▶ _To do_: Without including any images, reproduce each entry exactly.
Dataset Start Marker
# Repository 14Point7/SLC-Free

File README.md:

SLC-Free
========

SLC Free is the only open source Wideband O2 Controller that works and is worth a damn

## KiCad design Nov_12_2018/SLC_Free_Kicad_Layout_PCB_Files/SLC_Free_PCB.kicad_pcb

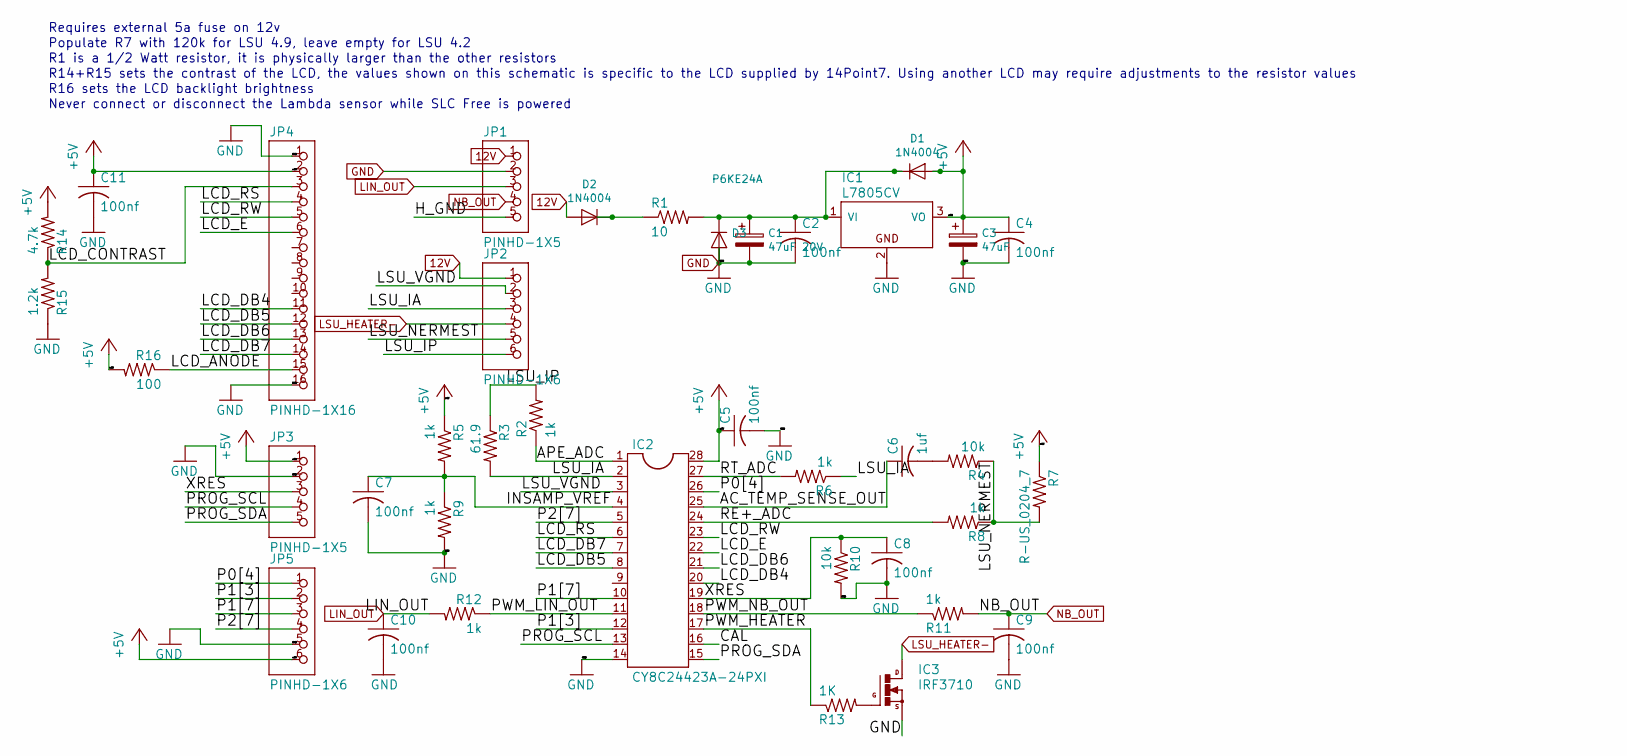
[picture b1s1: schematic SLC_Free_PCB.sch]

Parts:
C1: 47uF 20V; CP_Radial_D5.0mm_P2.50mm
C2, C4, C5, C7, C8, C9, C10, C11: 100nf; C025-025X050
C3: 47uF; CP_Radial_D5.0mm_P2.50mm
C6: 1uf; C025-025X050
D1, D2: 1N4004; D_DO-15_P10.16mm_Horizontal
D3: P6KE24A; D_DO-15_P10.16mm_Horizontal
IC1: L7805CV; TO220H
IC2: CY8C24423A-24PXI; DIL28-3
IC3: IRF3710; TO220BH
JP1: PINHD-1X5; Molex_Mega-Fit_76825-0004_2x02_P5.70mm_Horizontal
JP2: PINHD-1X6; Molex_Mega-Fit_76825-0006_2x03_P5.70mm_Horizontal
JP3: PINHD-1X5; 1X05
JP4: PINHD-1X16; 1X16
JP5: PINHD-1X6; 1X06
R1: 10; 0309_12
R2, R5, R6, R8, R9, R11, R12: 1k; 0204_7
R3: 61.9; 0204_7
R4, R10: 10k; 0204_7
R7: R-US_0204_7; 0204_7
R13: 1K; 0204_7
R14: 4.7k; 0204_7
R15: 1.2k; 0204_7
R16: 100; 0204_7

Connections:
12V: D2.2 (A), JP1.1, JP2.1
+5V: C3.1, C4.1, C5.1, C11.1, D1.2 (A), IC1.3 (VO), IC2.28, JP3.1, JP4.2, JP5.6, R5.1, R7.1, R14.2, R16.2
/AC_TEMP_SENSE_OUT: C6.1, IC2.25
/APE_ADC: IC2.1, R2.1
/CAL: IC2.16
/INSAMP_VREF: C7.1, IC2.4, R5.2, R9.1
/LCD_ANODE: JP4.15, R16.1
/LCD_CONTRAST: JP4.3, R14.1, R15.2
/LCD_DB4: IC2.20, JP4.11
/LCD_DB5: IC2.8, JP4.12
/LCD_DB6: IC2.21, JP4.13
/LCD_DB7: IC2.7, JP4.14
/LCD_E: IC2.22, JP4.6
/LCD_RS: IC2.6, JP4.4
/LCD_RW: IC2.23, JP4.5
/LSU_IA: IC2.2, JP2.3, R3.2, R6.1
/LSU_IP: JP2.6, R2.2, R3.1
/LSU_NERMEST: JP2.5, R4.1, R7.2, R8.1
/LSU_VGND: IC2.3, JP2.2
/P0[4]: IC2.26, JP5.1
/P1[3]: IC2.12, JP5.2
/P1[7]: IC2.10, JP5.3
/P2[7]: IC2.5, JP5.4
/PROG_SCL: IC2.13, JP3.4
/PROG_SDA: IC2.15, JP3.5
/PWM_HEATER: IC2.17, R13.1
/PWM_LIN_OUT: IC2.11, R12.1
/PWM_NB_OUT: IC2.18, R11.1
/RE+_ADC: IC2.24, R8.2
/RT_ADC: IC2.27, R6.2
/XRES: C8.1, IC2.19, JP3.3, R10.1
GND: C1.2, C2.2, C3.2, C4.2, C5.2, C7.2, C8.2, C9.2, C10.2, C11.2, D3.2 (A), IC1.2 (GND), IC2.14, IC3.S, JP1.2, JP3.2, JP4.1, JP4.16, JP5.5, R9.2, R10.2, R15.1
LIN_OUT: C10.1, JP1.3, R12.2
LSU_HEATER-: IC3.D, JP2.4
NB_OUT: C9.1, JP1.4, R11.2
unnamed: C1.1, C2.1, D1.1 (K), D3.1 (K), IC1.1 (VI), R1.2
unnamed: C6.2, R4.2
unnamed: D2.1 (K), R1.1
unnamed: IC3.G, R13.2

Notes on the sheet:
Requires external 5a fuse on 12v
Populate R7 with 120k for LSU 4.9, leave empty for LSU 4.2
R16 sets the LCD backlight brightness
R1 is a 1/2 Watt resistor, it is physically larger than the other resistors
R14+R15 sets the contrast of the LCD, the values shown on this schematic is specific to the LCD supplied by 14Point7. Using another LCD may require adjustments to the resistor values
Never connect or disconnect the Lambda sensor while SLC Free is powered

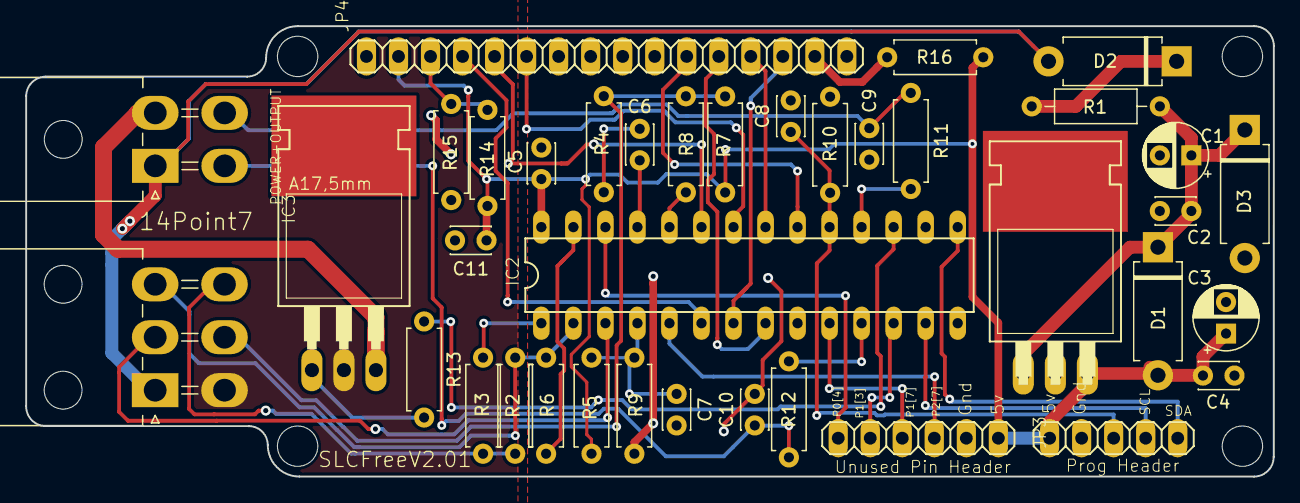
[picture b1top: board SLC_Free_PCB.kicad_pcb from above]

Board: 2 copper layers, 99.0 x 35.7 mm, 42 parts (0 on the bottom side), 38 nets.

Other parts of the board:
@HOLE0, @HOLE1, @HOLE2, @HOLE3: (no value)

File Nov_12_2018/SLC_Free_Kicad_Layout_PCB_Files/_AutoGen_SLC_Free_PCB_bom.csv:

Component,Description,Part,References,Value,Footprint,Quantity Per PCB,Datasheet
1,,C-US025-025X050,C2 C4 C5 C7 C8 C9 C10 C11,100nf,C025-025X050,8,
2,,C-US025-025X050,C6,1uf,C025-025X050,1,
3,Polarized capacitor,CP,C3,47uF,CP_Radial_D5.0mm_P2.50mm,1,~
4,Polarized capacitor,CP,C1,47uF 20V,CP_Radial_D5.0mm_P2.50mm,1,~
5,Diode,D,D1 D2,1N4004,D_DO-15_P10.16mm_Horizontal,2,~
6,Diode,D,D3,P6KE24A,D_DO-15_P10.16mm_Horizontal,1,~
7,,78T,IC1,78T,TO220H,1,
8,,DIL28-3,IC2,CY8C24423A-24PXI,DIL28-3,1,
9,,BUZ11BH,IC3,IRF3710,TO220BH,1,
10,,PINHD-1X16,JP4,PINHD-1X16,1X16,1,
11,,PINHD-1X5,JP1,PINHD-1X5,Molex_Mega-Fit_76825-0004_2x02_P5.70mm_Horizontal,1,
12,,PINHD-1X5,JP3,PINHD-1X5,1X05,1,
13,,PINHD-1X6,JP2,PINHD-1X6,Molex_Mega-Fit_76825-0006_2x03_P5.70mm_Horizontal,1,
14,,PINHD-1X6,JP5,PINHD-1X6,1X06,1,
15,,R-US_0204_7,R15,1.2k,0204_7,1,
16,,R-US_0309_12,R1,10,0309_12,1,
17,,R-US_0204_7,R16,100,0204_7,1,
18,,R-US_0204_7,R4 R10,10k,0204_7,2,
19,,R-US_0204_7,R2 R5 R6 R8 R9 R11 R12 R13,1k,0204_7,8,
20,,R-US_0204_7,R14,4.7k,0204_7,1,
21,,R-US_0204_7,R3,61.9,0204_7,1,
22,,R-US_0204_7,R7,R-US_0204_7,0204_7,1,





Component Groups:,22
Component Count:,38
Fitted Components:,38
Number of PCBs:,1
Total components:,38
Schematic Version:,
Schematic Date:,
BoM Date:,tor 28 mar 2019 13:11:28
Schematic Source:,/home/jp/Documents/KiCad/SLC_Free_PCB_V2/SLC_Free_PCB.sch
KiCad Version:,Eeschema 5.1.0-060a0da~80~ubuntu18.10.1

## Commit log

2013-12-19 Added SLC_Free_Manual
2019-08-21 New PCB & Firmware: Lambda and temp is displayed as text
Dataset End Marker
▶ _Task output_:
# Repository 14Point7/SLC-Free

File README.md:

SLC-Free
========

SLC Free is the only open source Wideband O2 Controller that works and is worth a damn

## KiCad design Nov_12_2018/SLC_Free_Kicad_Layout_PCB_Files/SLC_Free_PCB.kicad_pcb

[picture b1s1: schematic SLC_Free_PCB.sch]

Parts:
C1: 47uF 20V; CP_Radial_D5.0mm_P2.50mm
C2, C4, C5, C7, C8, C9, C10, C11: 100nf; C025-025X050
C3: 47uF; CP_Radial_D5.0mm_P2.50mm
C6: 1uf; C025-025X050
D1, D2: 1N4004; D_DO-15_P10.16mm_Horizontal
D3: P6KE24A; D_DO-15_P10.16mm_Horizontal
IC1: L7805CV; TO220H
IC2: CY8C24423A-24PXI; DIL28-3
IC3: IRF3710; TO220BH
JP1: PINHD-1X5; Molex_Mega-Fit_76825-0004_2x02_P5.70mm_Horizontal
JP2: PINHD-1X6; Molex_Mega-Fit_76825-0006_2x03_P5.70mm_Horizontal
JP3: PINHD-1X5; 1X05
JP4: PINHD-1X16; 1X16
JP5: PINHD-1X6; 1X06
R1: 10; 0309_12
R2, R5, R6, R8, R9, R11, R12: 1k; 0204_7
R3: 61.9; 0204_7
R4, R10: 10k; 0204_7
R7: R-US_0204_7; 0204_7
R13: 1K; 0204_7
R14: 4.7k; 0204_7
R15: 1.2k; 0204_7
R16: 100; 0204_7

Connections:
12V: D2.2 (A), JP1.1, JP2.1
+5V: C3.1, C4.1, C5.1, C11.1, D1.2 (A), IC1.3 (VO), IC2.28, JP3.1, JP4.2, JP5.6, R5.1, R7.1, R14.2, R16.2
/AC_TEMP_SENSE_OUT: C6.1, IC2.25
/APE_ADC: IC2.1, R2.1
/CAL: IC2.16
/INSAMP_VREF: C7.1, IC2.4, R5.2, R9.1
/LCD_ANODE: JP4.15, R16.1
/LCD_CONTRAST: JP4.3, R14.1, R15.2
/LCD_DB4: IC2.20, JP4.11
/LCD_DB5: IC2.8, JP4.12
/LCD_DB6: IC2.21, JP4.13
/LCD_DB7: IC2.7, JP4.14
/LCD_E: IC2.22, JP4.6
/LCD_RS: IC2.6, JP4.4
/LCD_RW: IC2.23, JP4.5
/LSU_IA: IC2.2, JP2.3, R3.2, R6.1
/LSU_IP: JP2.6, R2.2, R3.1
/LSU_NERMEST: JP2.5, R4.1, R7.2, R8.1
/LSU_VGND: IC2.3, JP2.2
/P0[4]: IC2.26, JP5.1
/P1[3]: IC2.12, JP5.2
/P1[7]: IC2.10, JP5.3
/P2[7]: IC2.5, JP5.4
/PROG_SCL: IC2.13, JP3.4
/PROG_SDA: IC2.15, JP3.5
/PWM_HEATER: IC2.17, R13.1
/PWM_LIN_OUT: IC2.11, R12.1
/PWM_NB_OUT: IC2.18, R11.1
/RE+_ADC: IC2.24, R8.2
/RT_ADC: IC2.27, R6.2
/XRES: C8.1, IC2.19, JP3.3, R10.1
GND: C1.2, C2.2, C3.2, C4.2, C5.2, C7.2, C8.2, C9.2, C10.2, C11.2, D3.2 (A), IC1.2 (GND), IC2.14, IC3.S, JP1.2, JP3.2, JP4.1, JP4.16, JP5.5, R9.2, R10.2, R15.1
LIN_OUT: C10.1, JP1.3, R12.2
LSU_HEATER-: IC3.D, JP2.4
NB_OUT: C9.1, JP1.4, R11.2
unnamed: C1.1, C2.1, D1.1 (K), D3.1 (K), IC1.1 (VI), R1.2
unnamed: C6.2, R4.2
unnamed: D2.1 (K), R1.1
unnamed: IC3.G, R13.2

Notes on the sheet:
Requires external 5a fuse on 12v
Populate R7 with 120k for LSU 4.9, leave empty for LSU 4.2
R16 sets the LCD backlight brightness
R1 is a 1/2 Watt resistor, it is physically larger than the other resistors
R14+R15 sets the contrast of the LCD, the values shown on this schematic is specific to the LCD supplied by 14Point7. Using another LCD may require adjustments to the resistor values
Never connect or disconnect the Lambda sensor while SLC Free is powered

[picture b1top: board SLC_Free_PCB.kicad_pcb from above]

Board: 2 copper layers, 99.0 x 35.7 mm, 42 parts (0 on the bottom side), 38 nets.

Other parts of the board:
@HOLE0, @HOLE1, @HOLE2, @HOLE3: (no value)

File Nov_12_2018/SLC_Free_Kicad_Layout_PCB_Files/_AutoGen_SLC_Free_PCB_bom.csv:

Component,Description,Part,References,Value,Footprint,Quantity Per PCB,Datasheet
1,,C-US025-025X050,C2 C4 C5 C7 C8 C9 C10 C11,100nf,C025-025X050,8,
2,,C-US025-025X050,C6,1uf,C025-025X050,1,
3,Polarized capacitor,CP,C3,47uF,CP_Radial_D5.0mm_P2.50mm,1,~
4,Polarized capacitor,CP,C1,47uF 20V,CP_Radial_D5.0mm_P2.50mm,1,~
5,Diode,D,D1 D2,1N4004,D_DO-15_P10.16mm_Horizontal,2,~
6,Diode,D,D3,P6KE24A,D_DO-15_P10.16mm_Horizontal,1,~
7,,78T,IC1,78T,TO220H,1,
8,,DIL28-3,IC2,CY8C24423A-24PXI,DIL28-3,1,
9,,BUZ11BH,IC3,IRF3710,TO220BH,1,
10,,PINHD-1X16,JP4,PINHD-1X16,1X16,1,
11,,PINHD-1X5,JP1,PINHD-1X5,Molex_Mega-Fit_76825-0004_2x02_P5.70mm_Horizontal,1,
12,,PINHD-1X5,JP3,PINHD-1X5,1X05,1,
13,,PINHD-1X6,JP2,PINHD-1X6,Molex_Mega-Fit_76825-0006_2x03_P5.70mm_Horizontal,1,
14,,PINHD-1X6,JP5,PINHD-1X6,1X06,1,
15,,R-US_0204_7,R15,1.2k,0204_7,1,
16,,R-US_0309_12,R1,10,0309_12,1,
17,,R-US_0204_7,R16,100,0204_7,1,
18,,R-US_0204_7,R4 R10,10k,0204_7,2,
19,,R-US_0204_7,R2 R5 R6 R8 R9 R11 R12 R13,1k,0204_7,8,
20,,R-US_0204_7,R14,4.7k,0204_7,1,
21,,R-US_0204_7,R3,61.9,0204_7,1,
22,,R-US_0204_7,R7,R-US_0204_7,0204_7,1,





Component Groups:,22
Component Count:,38
Fitted Components:,38
Number of PCBs:,1
Total components:,38
Schematic Version:,
Schematic Date:,
BoM Date:,tor 28 mar 2019 13:11:28
Schematic Source:,/home/jp/Documents/KiCad/SLC_Free_PCB_V2/SLC_Free_PCB.sch
KiCad Version:,Eeschema 5.1.0-060a0da~80~ubuntu18.10.1

## Commit log

2013-12-19 Added SLC_Free_Manual
2019-08-21 New PCB & Firmware: Lambda and temp is displayed as text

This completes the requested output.